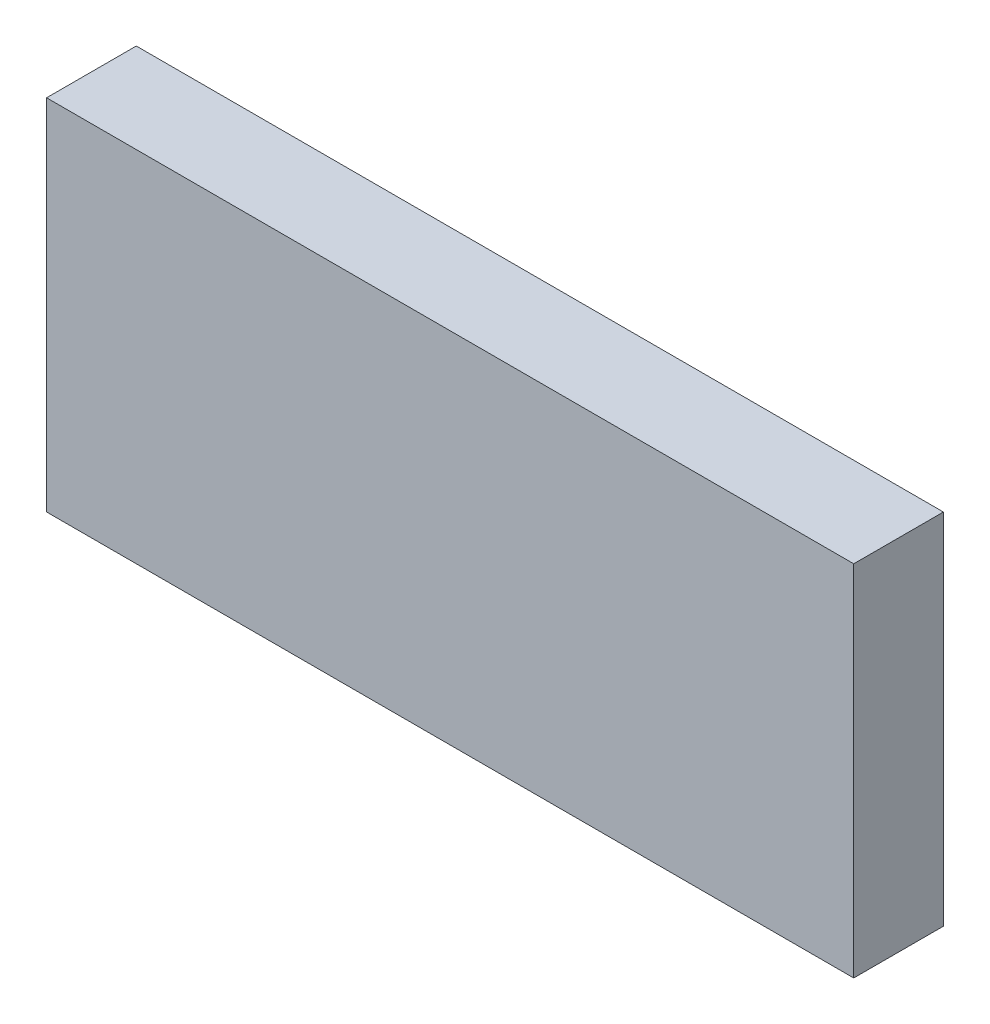
from build123d import *

# Parameters (mm, degrees)
SKETCH1_W           = 85.725
SKETCH1_H           = 38.1
BOSS_EXTRUDE1_DEPTH = 9.525


with BuildPart() as part:
    # Sketch1 → Boss-Extrude1 (new body)
    with BuildSketch(Plane.XY):
        Rectangle(SKETCH1_W, SKETCH1_H)
    extrude(amount=BOSS_EXTRUDE1_DEPTH)


solid = part.part
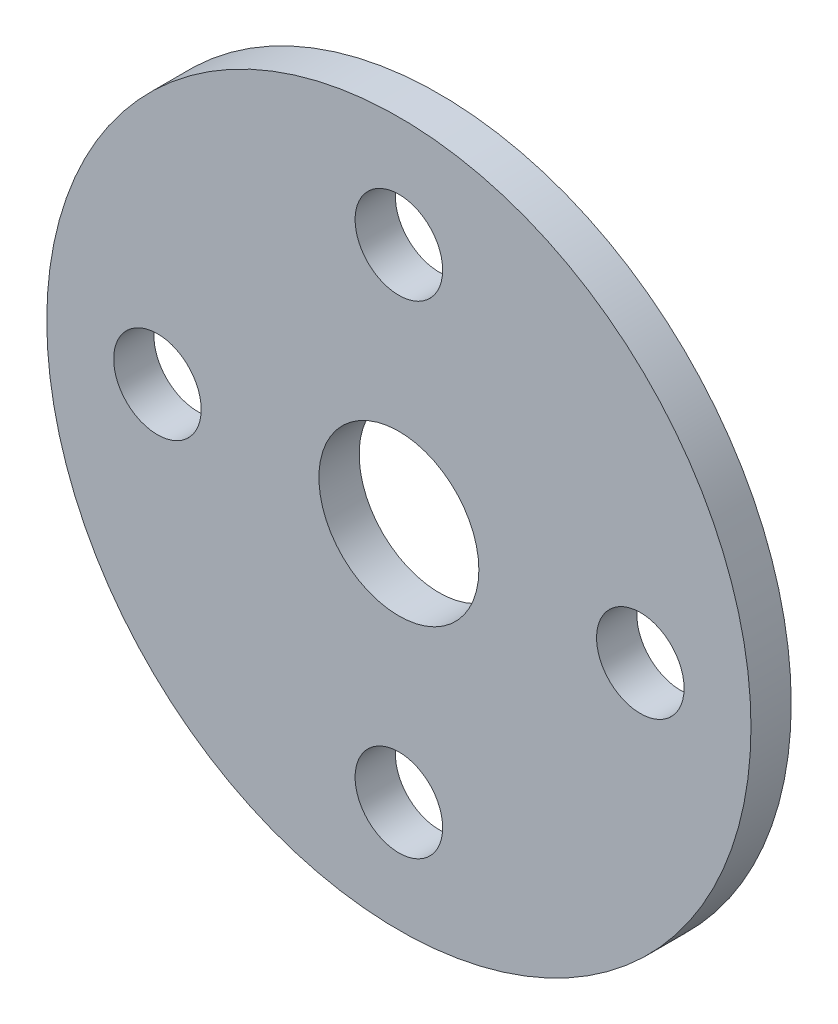
from build123d import *

# Parameters (mm, degrees)
SKETCH1_R           = 17.5
SKETCH1_R_2         = 2.175
SKETCH1_R_3         = 3.975
BOSS_EXTRUDE1_DEPTH = 2


with BuildPart() as part:
    # Sketch1 → Boss-Extrude1 (new body)
    with BuildSketch(Plane.XY):
        Circle(SKETCH1_R)
        with Locations((12, 0)):
            Circle(SKETCH1_R_2, mode=Mode.SUBTRACT)
        with Locations((0, 12)):
            Circle(SKETCH1_R_2, mode=Mode.SUBTRACT)
        with Locations((-12, 0)):
            Circle(SKETCH1_R_2, mode=Mode.SUBTRACT)
        with Locations((0, -12)):
            Circle(SKETCH1_R_2, mode=Mode.SUBTRACT)
        Circle(SKETCH1_R_3, mode=Mode.SUBTRACT)
    extrude(amount=BOSS_EXTRUDE1_DEPTH)


solid = part.part
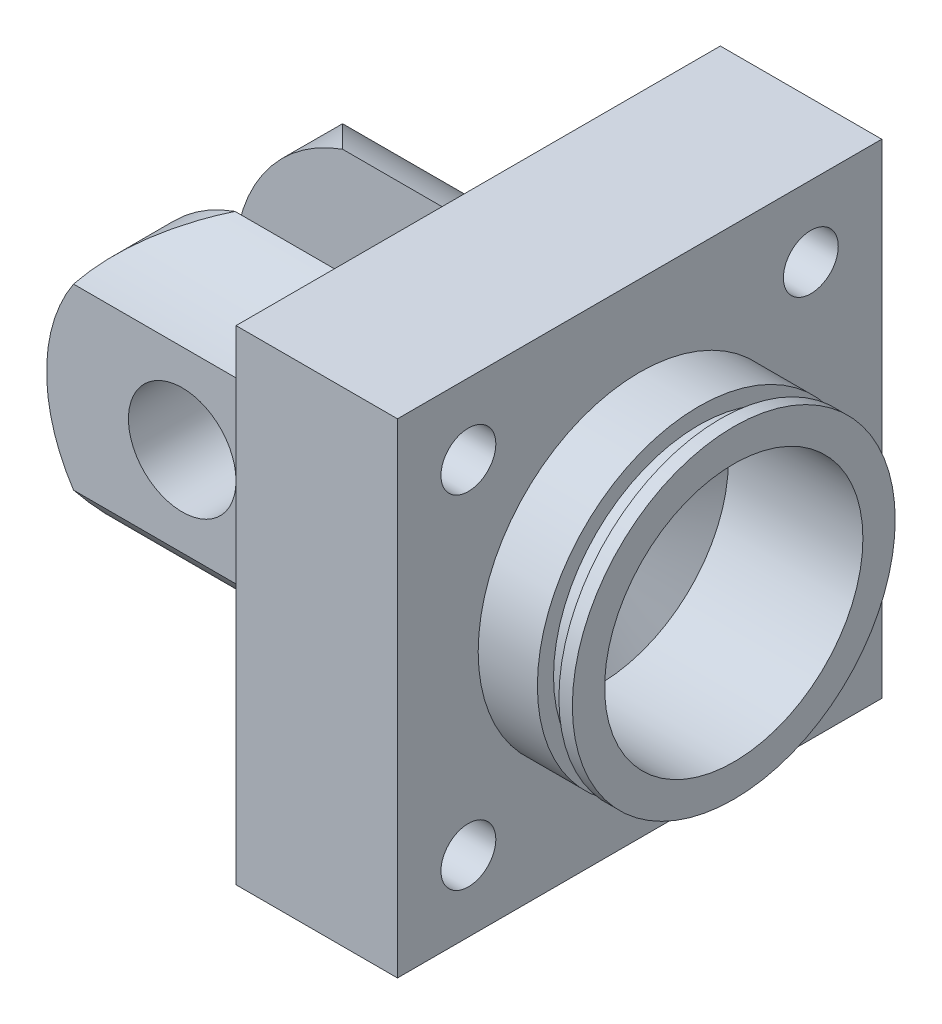
from build123d import *

# Parameters (mm, degrees)
SKETCH1_W                          = 55.2
SKETCH1_H                          = 30
SKETCH2_W                          = 90
SKETCH2_H                          = 90
BOSS_EXTRUDE1_DEPTH                = 30
SKETCH8_W                          = 96.2
SKETCH8_H                          = 30
SKETCH11_W                         = 100.2
SKETCH11_H                         = 27
SKETCH15_W                         = 2.5
SKETCH15_H                         = 30
SKETCH16_W                         = 20
SKETCH16_H                         = 71.644187242
CUT_EXTRUDE1_DEPTH                 = 55.2
SKETCH17_OUTSIDE_W                 = 124.71
SKETCH17_OUTSIDE_H                 = 124.71
SKETCH17_OUTSIDE_W_2               = 50
SKETCH17_OUTSIDE_H_2               = 73.870600334
CUT_EXTRUDE2_DEPTH                 = 55.2
SKETCH19_R                         = 10
CUT_EXTRUDE3_DEPTH                 = 133.182790105
CUT_EXTRUDE4_DEPTH                 = 133.182790105
TAP_DRILL_FOR_M1_2X0_25_TAP2_D     = 48
TAP_DRILL_FOR_M1_2X0_25_TAP2_DEPTH = 25
TAP_DRILL_FOR_M1_2X0_25_TAP2_TIP   = 14.420654857
CIRPATTERN1_COUNT                  = 4
M16X1_5_TAPPED_HOLE3_D             = 14.5
M16X1_5_TAPPED_HOLE3_DEPTH         = 16
M16X1_5_TAPPED_HOLE3_TIP           = 4.356239488
CUT_EXTRUDE5_REACH                 = 145.779
SKETCH45_R                         = 1.7


with BuildPart() as part:
    # Sketch1 → Revolve-Thin1 (revolve)
    with BuildSketch(Plane.XY):
        with Locations((27.6, 15)):
            Rectangle(SKETCH1_W, SKETCH1_H)
    revolve(axis=Axis((0, 0, 0), (1, 0, 0)))

    # Sketch2 → Boss-Extrude1 (add)
    with BuildSketch(Plane(origin=(55.2, 0, 0), x_dir=(0, 0, -1), z_dir=(1, 0, 0))):
        Rectangle(SKETCH2_W, SKETCH2_H)
    extrude(amount=BOSS_EXTRUDE1_DEPTH)

    # Sketch8 → Revolve-Thin2 (revolve)
    with BuildSketch(Plane.XY):
        with Locations((48.1, 15)):
            Rectangle(SKETCH8_W, SKETCH8_H)
    revolve(axis=Axis((0, 0, 0), (1, 0, 0)))

    # Sketch11 → Revolve-Thin3 (revolve)
    with BuildSketch(Plane(origin=(0, 0, 0), x_dir=(1, 0, 0), z_dir=(0, 1, 0))):
        with Locations((50.1, 13.5)):
            Rectangle(SKETCH11_W, SKETCH11_H)
    revolve(axis=Axis((0, 0, 0), (1, 0, 0)))

    # Sketch15 → Revolve-Thin4 (revolve)
    with BuildSketch(Plane.XY):
        with Locations((101.45, 15)):
            Rectangle(SKETCH15_W, SKETCH15_H)
    revolve(axis=Axis((100.2, 0, 0), (1, 0, 0)))

    # Sketch16 → Cut-Extrude1 (cut)
    with BuildSketch(Plane.ZY):
        Rectangle(SKETCH16_W, SKETCH16_H)
    extrude(amount=-CUT_EXTRUDE1_DEPTH, mode=Mode.SUBTRACT)

    # Sketch17 outside → Cut-Extrude2 (cut)
    with BuildSketch(Plane.ZY):
        Rectangle(SKETCH17_OUTSIDE_W, SKETCH17_OUTSIDE_H)
        Rectangle(SKETCH17_OUTSIDE_W_2, SKETCH17_OUTSIDE_H_2, mode=Mode.SUBTRACT)
    extrude(amount=-CUT_EXTRUDE2_DEPTH, mode=Mode.SUBTRACT)

    # Sketch19 → Cut-Extrude3 (cut, through all)
    with BuildSketch(Plane.XY.offset(25)):
        with Locations((25.2, 0)):
            Circle(SKETCH19_R)
    extrude(amount=-CUT_EXTRUDE3_DEPTH, mode=Mode.SUBTRACT)

    # Sketch22 → Cut-Extrude4 (cut, through all)
    with BuildSketch(Plane(origin=(0, 0, -25), x_dir=(-1, 0, 0), z_dir=(0, 0, -1))):
        with BuildLine():
            Line((9.98487255, 34.360502565), (-23.649851102, 34.360502565))
            Line((-23.649851102, 34.360502565), (-23.649851102, 29.320225254))
            ThreePointArc((-23.649851102, 29.320225254), (0, 0), (-23.649851102, -29.320225254))
            Line((-23.649851102, -29.320225254), (-23.649851102, -35.668103598))
            Line((-23.649851102, -35.668103598), (9.98487255, -35.668103598))
            Line((9.98487255, -35.668103598), (9.98487255, 34.360502565))
        make_face()
    extrude(amount=-CUT_EXTRUDE4_DEPTH, mode=Mode.SUBTRACT)

    # Tap Drill for M1.2x0.25 Tap2
    with Locations(Plane(origin=(102.7, 0, 0), x_dir=(0, 0, -1), z_dir=(1, 0, 0))):
        with Locations((0, 0)):
            Hole(TAP_DRILL_FOR_M1_2X0_25_TAP2_D / 2, depth=TAP_DRILL_FOR_M1_2X0_25_TAP2_DEPTH)
            with Locations((0, 0, -(TAP_DRILL_FOR_M1_2X0_25_TAP2_DEPTH + TAP_DRILL_FOR_M1_2X0_25_TAP2_TIP / 2))):  # 118° drill point
                Cone(0, TAP_DRILL_FOR_M1_2X0_25_TAP2_D / 2, TAP_DRILL_FOR_M1_2X0_25_TAP2_TIP, mode=Mode.SUBTRACT)

    # Sketch32 → M12 Tapped Hole2 (revolve, cut)
    with BuildSketch(Plane(origin=(85.2, -31.819805153, 31.819805153), x_dir=(0, 0, -1), z_dir=(0, 1, 0))):
        Polygon((0, 0), (0, 23.064389157), (5.1, 20), (5.1, 0), align=None)
    m12_tapped_hole2 = revolve(axis=Axis((91.55, -31.819805153, 31.819805153), (-1, 0, 0)), mode=Mode.SUBTRACT)

    # CirPattern1: M12 Tapped Hole2 ×4 about axis
    cirpattern1_axis = Axis((77.7, 0, 0), (-1, 0, 0))
    for i in range(1, CIRPATTERN1_COUNT):
        add(m12_tapped_hole2.rotate(cirpattern1_axis, i * 360 / CIRPATTERN1_COUNT), mode=Mode.SUBTRACT)

    # M16x1.5 Tapped Hole3
    with Locations(Plane(origin=(70.2, -45, 0), x_dir=(0, 0, -1), z_dir=(0, -1, 0))):
        with Locations((0, 0)):
            Hole(M16X1_5_TAPPED_HOLE3_D / 2, depth=M16X1_5_TAPPED_HOLE3_DEPTH)
            with Locations((0, 0, -(M16X1_5_TAPPED_HOLE3_DEPTH + M16X1_5_TAPPED_HOLE3_TIP / 2))):  # 118° drill point
                Cone(0, M16X1_5_TAPPED_HOLE3_D / 2, M16X1_5_TAPPED_HOLE3_TIP, mode=Mode.SUBTRACT)

    # Sketch45 → Cut-Extrude5 (cut, up to next)
    with BuildSketch(Plane.XZ.offset(45), mode=Mode.PRIVATE) as cut_extrude5_sk1:
        with Locations((70.2, 0)):
            Circle(SKETCH45_R)
    cut_extrude5_tool1 = extrude(cut_extrude5_sk1.sketch, amount=-CUT_EXTRUDE5_REACH, mode=Mode.PRIVATE) & part.part
    add(cut_extrude5_tool1.solids().sort_by_distance((70.2, -45, 0))[0], mode=Mode.SUBTRACT)


solid = part.part

- EXERCISE REQUIREMENTS -
The answer consists of the line holding "# Sketch45 →" and every line after it up to the end of the records, word for word.

- EXERCISE OUTPUT -
    # Sketch45 → Cut-Extrude5 (cut, up to next)
    with BuildSketch(Plane.XZ.offset(45), mode=Mode.PRIVATE) as cut_extrude5_sk1:
        with Locations((70.2, 0)):
            Circle(SKETCH45_R)
    cut_extrude5_tool1 = extrude(cut_extrude5_sk1.sketch, amount=-CUT_EXTRUDE5_REACH, mode=Mode.PRIVATE) & part.part
    add(cut_extrude5_tool1.solids().sort_by_distance((70.2, -45, 0))[0], mode=Mode.SUBTRACT)


solid = part.part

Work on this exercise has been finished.